People with gout, particularly women, are at a significantly increased risk for type 2 diabetes. This new study by a team from Brigham & Women's Hospital in Boston validates an earlier study using UK data by researchers a few miles away, at Massachusetts General.

Involving more than 200,000 patients with and without gout in a major US insurance claims database, the study finds that diabetes develops within 2 years of a gout diagnosis in 2% of cases. Among women with gout, the incidence of diabetes is almost twice that of men (2.21 vs 1.86 per 100 person-years).

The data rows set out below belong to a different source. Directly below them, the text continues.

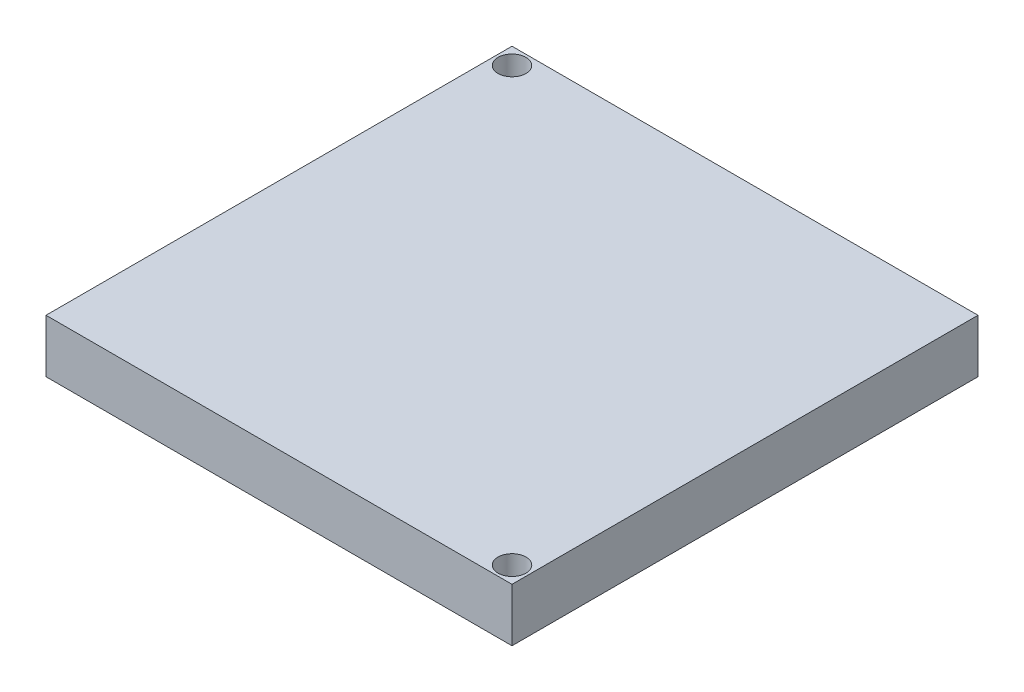
ISO-10303-21;
HEADER;
FILE_DESCRIPTION(('STEP AP214'),'2;1');
FILE_NAME('part.step','',(''),(''),'','','');
FILE_SCHEMA(('AUTOMOTIVE_DESIGN { 1 0 10303 214 1 1 1 1 }'));
ENDSEC;
DATA;
#1=APPLICATION_CONTEXT('core data for automotive mechanical design processes');
#2=APPLICATION_PROTOCOL_DEFINITION('international standard','automotive_design',2000,#1);
#3=PRODUCT_CONTEXT('',#1,'mechanical');
#4=PRODUCT('Part','Part','',(#3));
#5=PRODUCT_RELATED_PRODUCT_CATEGORY('part','',(#4));
#6=PRODUCT_DEFINITION_FORMATION('','',#4);
#7=PRODUCT_DEFINITION_CONTEXT('part definition',#1,'design');
#8=PRODUCT_DEFINITION('design','',#6,#7);
#9=PRODUCT_DEFINITION_SHAPE('','',#8);
#10=(LENGTH_UNIT() NAMED_UNIT(*) SI_UNIT(.MILLI.,.METRE.));
#11=(NAMED_UNIT(*) PLANE_ANGLE_UNIT() SI_UNIT($,.RADIAN.));
#12=(NAMED_UNIT(*) SI_UNIT($,.STERADIAN.) SOLID_ANGLE_UNIT());
#13=UNCERTAINTY_MEASURE_WITH_UNIT(LENGTH_MEASURE(1.E-05),#10,'distance_accuracy_value','');
#14=(GEOMETRIC_REPRESENTATION_CONTEXT(3) GLOBAL_UNCERTAINTY_ASSIGNED_CONTEXT((#13)) GLOBAL_UNIT_ASSIGNED_CONTEXT((#10,
#11,#12)) REPRESENTATION_CONTEXT('',''));
#15=CARTESIAN_POINT('',(0.,0.,0.));
#16=DIRECTION('',(0.,0.,1.));
#17=DIRECTION('',(1.,0.,0.));
#18=AXIS2_PLACEMENT_3D('',#15,#16,#17);
#19=CARTESIAN_POINT('',(35.,8.,-35.));
#20=DIRECTION('',(-1.,0.,0.));
#21=DIRECTION('',(0.,0.,1.));
#22=AXIS2_PLACEMENT_3D('',#19,#20,#21);
#23=PLANE('',#22);
#24=DIRECTION('',(0.,0.,-1.));
#25=VECTOR('',#24,1.);
#26=CARTESIAN_POINT('',(35.,0.,-35.));
#27=LINE('',#26,#25);
#28=CARTESIAN_POINT('',(35.,0.,35.));
#29=VERTEX_POINT('',#28);
#30=CARTESIAN_POINT('',(35.,0.,-35.));
#31=VERTEX_POINT('',#30);
#32=EDGE_CURVE('E97',#29,#31,#27,.T.);
#33=ORIENTED_EDGE('',*,*,#32,.T.);
#34=DIRECTION('',(0.,-1.,0.));
#35=VECTOR('',#34,1.);
#36=CARTESIAN_POINT('',(35.,8.,-35.));
#37=LINE('',#36,#35);
#38=CARTESIAN_POINT('',(35.,8.,-35.));
#39=VERTEX_POINT('',#38);
#40=EDGE_CURVE('E11',#39,#31,#37,.T.);
#41=ORIENTED_EDGE('',*,*,#40,.F.);
#42=DIRECTION('',(0.,0.,-1.));
#43=VECTOR('',#42,1.);
#44=CARTESIAN_POINT('',(35.,8.,-35.));
#45=LINE('',#44,#43);
#46=CARTESIAN_POINT('',(35.,8.,35.));
#47=VERTEX_POINT('',#46);
#48=EDGE_CURVE('E85',#47,#39,#45,.T.);
#49=ORIENTED_EDGE('',*,*,#48,.F.);
#50=DIRECTION('',(0.,-1.,0.));
#51=VECTOR('',#50,1.);
#52=CARTESIAN_POINT('',(35.,8.,35.));
#53=LINE('',#52,#51);
#54=EDGE_CURVE('E93',#47,#29,#53,.T.);
#55=ORIENTED_EDGE('',*,*,#54,.T.);
#56=EDGE_LOOP('',(#33,#41,#49,#55));
#57=FACE_BOUND('',#56,.T.);
#58=ADVANCED_FACE('F34',(#57),#23,.F.);
#59=CARTESIAN_POINT('',(-35.,8.,-35.));
#60=DIRECTION('',(0.,0.,1.));
#61=DIRECTION('',(1.,0.,0.));
#62=AXIS2_PLACEMENT_3D('',#59,#60,#61);
#63=PLANE('',#62);
#64=DIRECTION('',(-1.,0.,0.));
#65=VECTOR('',#64,1.);
#66=CARTESIAN_POINT('',(-35.,0.,-35.));
#67=LINE('',#66,#65);
#68=CARTESIAN_POINT('',(-35.,0.,-35.));
#69=VERTEX_POINT('',#68);
#70=EDGE_CURVE('E89',#31,#69,#67,.T.);
#71=ORIENTED_EDGE('',*,*,#70,.T.);
#72=DIRECTION('',(0.,-1.,0.));
#73=VECTOR('',#72,1.);
#74=CARTESIAN_POINT('',(-35.,8.,-35.));
#75=LINE('',#74,#73);
#76=CARTESIAN_POINT('',(-35.,8.,-35.));
#77=VERTEX_POINT('',#76);
#78=EDGE_CURVE('E42',#77,#69,#75,.T.);
#79=ORIENTED_EDGE('',*,*,#78,.F.);
#80=DIRECTION('',(-1.,0.,0.));
#81=VECTOR('',#80,1.);
#82=CARTESIAN_POINT('',(-35.,8.,-35.));
#83=LINE('',#82,#81);
#84=EDGE_CURVE('E80',#39,#77,#83,.T.);
#85=ORIENTED_EDGE('',*,*,#84,.F.);
#86=ORIENTED_EDGE('',*,*,#40,.T.);
#87=EDGE_LOOP('',(#71,#79,#85,#86));
#88=FACE_BOUND('',#87,.T.);
#89=ADVANCED_FACE('F88',(#88),#63,.F.);
#90=CARTESIAN_POINT('',(-35.,8.,-35.));
#91=DIRECTION('',(1.,0.,0.));
#92=DIRECTION('',(0.,0.,-1.));
#93=AXIS2_PLACEMENT_3D('',#90,#91,#92);
#94=PLANE('',#93);
#95=DIRECTION('',(0.,0.,1.));
#96=VECTOR('',#95,1.);
#97=CARTESIAN_POINT('',(-35.,0.,-35.));
#98=LINE('',#97,#96);
#99=CARTESIAN_POINT('',(-35.,0.,35.));
#100=VERTEX_POINT('',#99);
#101=EDGE_CURVE('E67',#69,#100,#98,.T.);
#102=ORIENTED_EDGE('',*,*,#101,.T.);
#103=DIRECTION('',(0.,-1.,0.));
#104=VECTOR('',#103,1.);
#105=CARTESIAN_POINT('',(-35.,8.,35.));
#106=LINE('',#105,#104);
#107=CARTESIAN_POINT('',(-35.,8.,35.));
#108=VERTEX_POINT('',#107);
#109=EDGE_CURVE('E90',#108,#100,#106,.T.);
#110=ORIENTED_EDGE('',*,*,#109,.F.);
#111=DIRECTION('',(0.,0.,1.));
#112=VECTOR('',#111,1.);
#113=CARTESIAN_POINT('',(-35.,8.,-35.));
#114=LINE('',#113,#112);
#115=EDGE_CURVE('E83',#77,#108,#114,.T.);
#116=ORIENTED_EDGE('',*,*,#115,.F.);
#117=ORIENTED_EDGE('',*,*,#78,.T.);
#118=EDGE_LOOP('',(#102,#110,#116,#117));
#119=FACE_BOUND('',#118,.T.);
#120=ADVANCED_FACE('F91',(#119),#94,.F.);
#121=CARTESIAN_POINT('',(-35.,8.,35.));
#122=DIRECTION('',(0.,0.,-1.));
#123=DIRECTION('',(-1.,0.,0.));
#124=AXIS2_PLACEMENT_3D('',#121,#122,#123);
#125=PLANE('',#124);
#126=DIRECTION('',(1.,0.,0.));
#127=VECTOR('',#126,1.);
#128=CARTESIAN_POINT('',(-35.,0.,35.));
#129=LINE('',#128,#127);
#130=EDGE_CURVE('E73',#100,#29,#129,.T.);
#131=ORIENTED_EDGE('',*,*,#130,.T.);
#132=ORIENTED_EDGE('',*,*,#54,.F.);
#133=DIRECTION('',(1.,0.,0.));
#134=VECTOR('',#133,1.);
#135=CARTESIAN_POINT('',(-35.,8.,35.));
#136=LINE('',#135,#134);
#137=EDGE_CURVE('E50',#108,#47,#136,.T.);
#138=ORIENTED_EDGE('',*,*,#137,.F.);
#139=ORIENTED_EDGE('',*,*,#109,.T.);
#140=EDGE_LOOP('',(#131,#132,#138,#139));
#141=FACE_BOUND('',#140,.T.);
#142=ADVANCED_FACE('F105',(#141),#125,.F.);
#143=CARTESIAN_POINT('',(0.,8.,0.));
#144=DIRECTION('',(0.,1.,0.));
#145=DIRECTION('',(0.,0.,1.));
#146=AXIS2_PLACEMENT_3D('',#143,#144,#145);
#147=PLANE('',#146);
#148=CARTESIAN_POINT('',(32.5,8.,32.5));
#149=DIRECTION('',(0.,1.,0.));
#150=DIRECTION('',(0.,0.,1.));
#151=AXIS2_PLACEMENT_3D('',#148,#149,#150);
#152=CIRCLE('',#151,2.1);
#153=CARTESIAN_POINT('',(32.5,8.,34.6));
#154=VERTEX_POINT('',#153);
#155=EDGE_CURVE('E114',#154,#154,#152,.T.);
#156=ORIENTED_EDGE('',*,*,#155,.F.);
#157=EDGE_LOOP('',(#156));
#158=FACE_BOUND('',#157,.T.);
#159=CARTESIAN_POINT('',(-32.5,8.,-32.5));
#160=DIRECTION('',(0.,1.,0.));
#161=DIRECTION('',(0.,0.,1.));
#162=AXIS2_PLACEMENT_3D('',#159,#160,#161);
#163=CIRCLE('',#162,2.1);
#164=CARTESIAN_POINT('',(-32.5,8.,-30.4));
#165=VERTEX_POINT('',#164);
#166=EDGE_CURVE('E111',#165,#165,#163,.T.);
#167=ORIENTED_EDGE('',*,*,#166,.F.);
#168=EDGE_LOOP('',(#167));
#169=FACE_BOUND('',#168,.T.);
#170=ORIENTED_EDGE('',*,*,#48,.T.);
#171=ORIENTED_EDGE('',*,*,#84,.T.);
#172=ORIENTED_EDGE('',*,*,#115,.T.);
#173=ORIENTED_EDGE('',*,*,#137,.T.);
#174=EDGE_LOOP('',(#170,#171,#172,#173));
#175=FACE_BOUND('',#174,.T.);
#176=ADVANCED_FACE('F81',(#158,#169,#175),#147,.T.);
#177=CARTESIAN_POINT('',(0.,0.,0.));
#178=DIRECTION('',(0.,1.,0.));
#179=DIRECTION('',(0.,0.,1.));
#180=AXIS2_PLACEMENT_3D('',#177,#178,#179);
#181=PLANE('',#180);
#182=CARTESIAN_POINT('',(32.5,0.,32.5));
#183=DIRECTION('',(0.,1.,0.));
#184=DIRECTION('',(0.,0.,1.));
#185=AXIS2_PLACEMENT_3D('',#182,#183,#184);
#186=CIRCLE('',#185,2.1);
#187=CARTESIAN_POINT('',(32.5,0.,34.6));
#188=VERTEX_POINT('',#187);
#189=EDGE_CURVE('E117',#188,#188,#186,.T.);
#190=ORIENTED_EDGE('',*,*,#189,.T.);
#191=EDGE_LOOP('',(#190));
#192=FACE_BOUND('',#191,.T.);
#193=CARTESIAN_POINT('',(-32.5,0.,-32.5));
#194=DIRECTION('',(0.,1.,0.));
#195=DIRECTION('',(0.,0.,1.));
#196=AXIS2_PLACEMENT_3D('',#193,#194,#195);
#197=CIRCLE('',#196,2.1);
#198=CARTESIAN_POINT('',(-32.5,0.,-30.4));
#199=VERTEX_POINT('',#198);
#200=EDGE_CURVE('E100',#199,#199,#197,.T.);
#201=ORIENTED_EDGE('',*,*,#200,.T.);
#202=EDGE_LOOP('',(#201));
#203=FACE_BOUND('',#202,.T.);
#204=ORIENTED_EDGE('',*,*,#32,.F.);
#205=ORIENTED_EDGE('',*,*,#130,.F.);
#206=ORIENTED_EDGE('',*,*,#101,.F.);
#207=ORIENTED_EDGE('',*,*,#70,.F.);
#208=EDGE_LOOP('',(#204,#205,#206,#207));
#209=FACE_BOUND('',#208,.T.);
#210=ADVANCED_FACE('F108',(#192,#203,#209),#181,.F.);
#211=CARTESIAN_POINT('',(-32.5,0.,-32.5));
#212=DIRECTION('',(0.,1.,0.));
#213=DIRECTION('',(0.,0.,1.));
#214=AXIS2_PLACEMENT_3D('',#211,#212,#213);
#215=CYLINDRICAL_SURFACE('',#214,2.1);
#216=ORIENTED_EDGE('',*,*,#200,.F.);
#217=EDGE_LOOP('',(#216));
#218=FACE_BOUND('',#217,.T.);
#219=ORIENTED_EDGE('',*,*,#166,.T.);
#220=EDGE_LOOP('',(#219));
#221=FACE_BOUND('',#220,.T.);
#222=ADVANCED_FACE('F130',(#218,#221),#215,.F.);
#223=CARTESIAN_POINT('',(32.5,0.,32.5));
#224=DIRECTION('',(0.,1.,0.));
#225=DIRECTION('',(0.,0.,1.));
#226=AXIS2_PLACEMENT_3D('',#223,#224,#225);
#227=CYLINDRICAL_SURFACE('',#226,2.1);
#228=ORIENTED_EDGE('',*,*,#189,.F.);
#229=EDGE_LOOP('',(#228));
#230=FACE_BOUND('',#229,.T.);
#231=ORIENTED_EDGE('',*,*,#155,.T.);
#232=EDGE_LOOP('',(#231));
#233=FACE_BOUND('',#232,.T.);
#234=ADVANCED_FACE('F123',(#230,#233),#227,.F.);
#235=CLOSED_SHELL('',(#58,#89,#120,#142,#176,#210,#222,#234));
#236=MANIFOLD_SOLID_BREP('B2',#235);
#237=ADVANCED_BREP_SHAPE_REPRESENTATION('',(#18,#236),#14);
#238=SHAPE_DEFINITION_REPRESENTATION(#9,#237);
ENDSEC;
END-ISO-10303-21;

Women with gout have more comorbidities in general, including hypertension, obesity, chronic kidney disease, and heart failure. They also visit doctors more often and receive more steroid treatment.

The women with gout in the database were older than the men, and more of them were smokers.

The report comes on the heels of similar findings from a large British population study that the Mass General team published last fall.

The Brigham & Women researchers speculate that gender differences in uric acid levels and urate metabolism may explain the increased cardiovascular risks among women with gout. Inflammation due to hyperuricemia may also be an independent risk factor for hyperinsulinemia, they suggest.

The diabetes risk was also far higher among 54,075 gout patients than among 162,225 age- and gender-matched patients with osteoarthritis, they found, at 1.91 vs 1.12 per person-years. The difference among women with gout or osteoarthritis was even greater.